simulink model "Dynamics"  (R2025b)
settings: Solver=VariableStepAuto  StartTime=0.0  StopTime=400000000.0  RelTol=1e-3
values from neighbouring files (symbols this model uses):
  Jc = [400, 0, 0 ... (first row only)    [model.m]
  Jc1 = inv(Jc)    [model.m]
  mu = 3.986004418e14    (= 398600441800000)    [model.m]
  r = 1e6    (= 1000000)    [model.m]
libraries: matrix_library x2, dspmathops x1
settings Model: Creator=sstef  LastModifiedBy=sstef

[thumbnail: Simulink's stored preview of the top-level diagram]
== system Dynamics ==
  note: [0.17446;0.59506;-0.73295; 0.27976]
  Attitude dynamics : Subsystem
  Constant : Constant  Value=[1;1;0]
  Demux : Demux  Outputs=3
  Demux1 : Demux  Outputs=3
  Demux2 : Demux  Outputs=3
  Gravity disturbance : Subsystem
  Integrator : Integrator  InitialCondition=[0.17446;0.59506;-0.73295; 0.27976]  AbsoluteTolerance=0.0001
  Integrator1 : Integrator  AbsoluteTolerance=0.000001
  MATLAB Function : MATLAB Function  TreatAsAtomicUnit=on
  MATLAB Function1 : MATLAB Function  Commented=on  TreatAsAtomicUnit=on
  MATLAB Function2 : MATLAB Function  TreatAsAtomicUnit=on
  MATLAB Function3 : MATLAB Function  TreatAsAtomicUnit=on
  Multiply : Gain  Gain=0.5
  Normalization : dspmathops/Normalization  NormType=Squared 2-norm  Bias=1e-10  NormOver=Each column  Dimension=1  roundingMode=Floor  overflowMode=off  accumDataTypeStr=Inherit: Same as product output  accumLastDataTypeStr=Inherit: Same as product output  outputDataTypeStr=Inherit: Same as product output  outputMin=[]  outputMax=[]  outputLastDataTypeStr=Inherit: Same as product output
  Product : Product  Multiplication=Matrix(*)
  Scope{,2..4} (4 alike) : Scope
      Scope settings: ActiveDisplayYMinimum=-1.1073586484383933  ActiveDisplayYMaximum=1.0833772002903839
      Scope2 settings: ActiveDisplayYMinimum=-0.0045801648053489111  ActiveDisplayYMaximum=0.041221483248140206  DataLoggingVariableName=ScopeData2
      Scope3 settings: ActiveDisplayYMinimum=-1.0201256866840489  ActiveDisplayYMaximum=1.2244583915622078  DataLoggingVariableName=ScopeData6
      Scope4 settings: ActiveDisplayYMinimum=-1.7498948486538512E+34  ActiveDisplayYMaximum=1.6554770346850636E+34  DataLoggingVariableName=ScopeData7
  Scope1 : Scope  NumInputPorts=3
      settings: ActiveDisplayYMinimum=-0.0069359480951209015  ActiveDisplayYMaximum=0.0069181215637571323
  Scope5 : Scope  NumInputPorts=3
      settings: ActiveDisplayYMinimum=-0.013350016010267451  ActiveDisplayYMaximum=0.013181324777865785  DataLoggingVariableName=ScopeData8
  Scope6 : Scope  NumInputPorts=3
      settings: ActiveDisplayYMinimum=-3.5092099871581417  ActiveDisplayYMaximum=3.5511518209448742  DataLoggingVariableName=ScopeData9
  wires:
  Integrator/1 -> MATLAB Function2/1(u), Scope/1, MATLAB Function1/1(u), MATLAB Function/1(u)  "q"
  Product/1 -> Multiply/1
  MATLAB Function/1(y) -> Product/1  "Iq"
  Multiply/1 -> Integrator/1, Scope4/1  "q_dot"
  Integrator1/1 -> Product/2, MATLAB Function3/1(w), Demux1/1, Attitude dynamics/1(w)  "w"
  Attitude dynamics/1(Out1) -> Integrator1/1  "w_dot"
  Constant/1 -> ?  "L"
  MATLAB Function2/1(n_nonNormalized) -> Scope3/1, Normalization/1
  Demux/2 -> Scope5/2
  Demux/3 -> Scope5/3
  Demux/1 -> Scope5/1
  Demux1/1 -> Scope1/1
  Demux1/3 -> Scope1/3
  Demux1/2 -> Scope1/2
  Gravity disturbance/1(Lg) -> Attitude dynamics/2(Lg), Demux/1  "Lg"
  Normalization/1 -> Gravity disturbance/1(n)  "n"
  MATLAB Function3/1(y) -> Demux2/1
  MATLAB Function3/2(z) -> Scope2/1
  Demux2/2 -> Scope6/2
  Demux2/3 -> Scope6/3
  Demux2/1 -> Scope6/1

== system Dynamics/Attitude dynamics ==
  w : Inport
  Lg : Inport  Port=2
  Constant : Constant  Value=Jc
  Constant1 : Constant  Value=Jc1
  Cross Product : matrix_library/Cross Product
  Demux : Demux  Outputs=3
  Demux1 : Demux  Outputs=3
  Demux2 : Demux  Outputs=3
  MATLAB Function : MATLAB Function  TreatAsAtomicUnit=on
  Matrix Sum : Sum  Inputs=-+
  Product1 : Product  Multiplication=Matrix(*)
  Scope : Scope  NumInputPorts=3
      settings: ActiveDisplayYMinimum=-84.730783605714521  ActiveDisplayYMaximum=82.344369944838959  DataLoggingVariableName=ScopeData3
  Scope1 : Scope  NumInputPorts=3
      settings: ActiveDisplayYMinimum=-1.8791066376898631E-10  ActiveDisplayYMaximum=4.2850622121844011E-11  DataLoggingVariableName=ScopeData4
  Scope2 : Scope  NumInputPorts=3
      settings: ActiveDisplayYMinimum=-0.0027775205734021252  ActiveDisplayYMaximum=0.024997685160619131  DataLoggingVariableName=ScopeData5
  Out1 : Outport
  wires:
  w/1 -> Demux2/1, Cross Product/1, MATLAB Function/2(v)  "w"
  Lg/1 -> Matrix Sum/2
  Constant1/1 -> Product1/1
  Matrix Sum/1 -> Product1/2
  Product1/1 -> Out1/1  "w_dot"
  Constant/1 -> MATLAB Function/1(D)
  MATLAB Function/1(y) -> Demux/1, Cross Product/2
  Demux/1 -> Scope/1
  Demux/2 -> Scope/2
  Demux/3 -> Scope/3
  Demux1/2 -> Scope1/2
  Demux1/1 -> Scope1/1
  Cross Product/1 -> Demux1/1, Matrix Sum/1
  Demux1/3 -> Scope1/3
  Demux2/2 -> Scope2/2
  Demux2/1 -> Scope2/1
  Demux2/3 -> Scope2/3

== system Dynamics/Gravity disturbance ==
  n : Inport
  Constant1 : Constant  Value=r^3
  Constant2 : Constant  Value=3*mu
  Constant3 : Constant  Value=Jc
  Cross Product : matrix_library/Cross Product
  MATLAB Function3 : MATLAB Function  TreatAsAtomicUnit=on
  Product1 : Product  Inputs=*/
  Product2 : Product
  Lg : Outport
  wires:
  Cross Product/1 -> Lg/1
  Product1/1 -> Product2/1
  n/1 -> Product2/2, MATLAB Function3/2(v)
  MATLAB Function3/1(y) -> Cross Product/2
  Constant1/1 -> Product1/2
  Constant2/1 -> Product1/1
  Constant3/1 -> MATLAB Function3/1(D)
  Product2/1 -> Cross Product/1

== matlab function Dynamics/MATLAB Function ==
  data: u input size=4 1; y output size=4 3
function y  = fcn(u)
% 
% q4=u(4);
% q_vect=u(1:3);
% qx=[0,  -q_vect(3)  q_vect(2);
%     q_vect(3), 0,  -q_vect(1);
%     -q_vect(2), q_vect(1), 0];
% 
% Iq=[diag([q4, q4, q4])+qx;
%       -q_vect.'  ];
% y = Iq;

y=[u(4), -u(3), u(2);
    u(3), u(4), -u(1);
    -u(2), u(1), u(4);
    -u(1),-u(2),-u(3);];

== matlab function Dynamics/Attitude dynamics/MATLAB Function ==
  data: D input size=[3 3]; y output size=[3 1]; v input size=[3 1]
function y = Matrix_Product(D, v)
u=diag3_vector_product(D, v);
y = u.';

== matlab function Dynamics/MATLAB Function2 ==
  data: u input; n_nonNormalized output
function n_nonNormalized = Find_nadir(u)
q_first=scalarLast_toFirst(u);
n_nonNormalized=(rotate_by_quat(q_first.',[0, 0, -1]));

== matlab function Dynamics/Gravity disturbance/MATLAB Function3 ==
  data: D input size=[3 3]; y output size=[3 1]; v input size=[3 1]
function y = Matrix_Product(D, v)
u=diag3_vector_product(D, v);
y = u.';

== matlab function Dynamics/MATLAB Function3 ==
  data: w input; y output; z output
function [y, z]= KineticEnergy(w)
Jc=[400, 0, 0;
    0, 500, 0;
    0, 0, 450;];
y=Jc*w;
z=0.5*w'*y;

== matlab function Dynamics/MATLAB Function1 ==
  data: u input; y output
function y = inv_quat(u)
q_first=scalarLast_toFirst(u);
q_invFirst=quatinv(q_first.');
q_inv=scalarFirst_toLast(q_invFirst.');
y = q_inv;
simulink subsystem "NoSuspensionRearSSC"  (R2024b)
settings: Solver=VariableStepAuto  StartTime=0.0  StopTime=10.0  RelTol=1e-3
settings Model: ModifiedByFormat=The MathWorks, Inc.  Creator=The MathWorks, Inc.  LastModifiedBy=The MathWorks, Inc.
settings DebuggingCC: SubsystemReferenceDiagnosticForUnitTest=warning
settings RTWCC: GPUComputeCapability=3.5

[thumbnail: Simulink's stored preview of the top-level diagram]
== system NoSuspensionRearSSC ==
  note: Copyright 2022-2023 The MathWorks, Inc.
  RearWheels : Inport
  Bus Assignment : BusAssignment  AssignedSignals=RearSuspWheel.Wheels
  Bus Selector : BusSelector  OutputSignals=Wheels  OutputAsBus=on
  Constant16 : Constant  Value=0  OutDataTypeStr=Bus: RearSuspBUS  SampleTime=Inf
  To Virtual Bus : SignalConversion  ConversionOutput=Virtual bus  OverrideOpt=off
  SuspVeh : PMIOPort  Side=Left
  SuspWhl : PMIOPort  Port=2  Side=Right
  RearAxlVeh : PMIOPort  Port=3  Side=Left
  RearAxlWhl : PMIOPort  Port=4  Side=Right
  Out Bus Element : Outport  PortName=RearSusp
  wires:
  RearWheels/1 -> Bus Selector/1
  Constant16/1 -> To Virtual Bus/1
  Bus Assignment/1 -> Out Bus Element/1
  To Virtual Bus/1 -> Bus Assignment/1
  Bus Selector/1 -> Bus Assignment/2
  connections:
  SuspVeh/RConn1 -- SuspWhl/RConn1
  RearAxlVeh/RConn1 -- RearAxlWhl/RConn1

______

### Work instructions
Reproduce exactly every line that sits between the start of the entries and the line bearing "Multiply : Gain", counting both of those lines.

### Exercise result
simulink model "Dynamics"  (R2025b)
settings: Solver=VariableStepAuto  StartTime=0.0  StopTime=400000000.0  RelTol=1e-3
values from neighbouring files (symbols this model uses):
  Jc = [400, 0, 0 ... (first row only)    [model.m]
  Jc1 = inv(Jc)    [model.m]
  mu = 3.986004418e14    (= 398600441800000)    [model.m]
  r = 1e6    (= 1000000)    [model.m]
libraries: matrix_library x2, dspmathops x1
settings Model: Creator=sstef  LastModifiedBy=sstef

[thumbnail: Simulink's stored preview of the top-level diagram]
== system Dynamics ==
  note: [0.17446;0.59506;-0.73295; 0.27976]
  Attitude dynamics : Subsystem
  Constant : Constant  Value=[1;1;0]
  Demux : Demux  Outputs=3
  Demux1 : Demux  Outputs=3
  Demux2 : Demux  Outputs=3
  Gravity disturbance : Subsystem
  Integrator : Integrator  InitialCondition=[0.17446;0.59506;-0.73295; 0.27976]  AbsoluteTolerance=0.0001
  Integrator1 : Integrator  AbsoluteTolerance=0.000001
  MATLAB Function : MATLAB Function  TreatAsAtomicUnit=on
  MATLAB Function1 : MATLAB Function  Commented=on  TreatAsAtomicUnit=on
  MATLAB Function2 : MATLAB Function  TreatAsAtomicUnit=on
  MATLAB Function3 : MATLAB Function  TreatAsAtomicUnit=on
  Multiply : Gain  Gain=0.5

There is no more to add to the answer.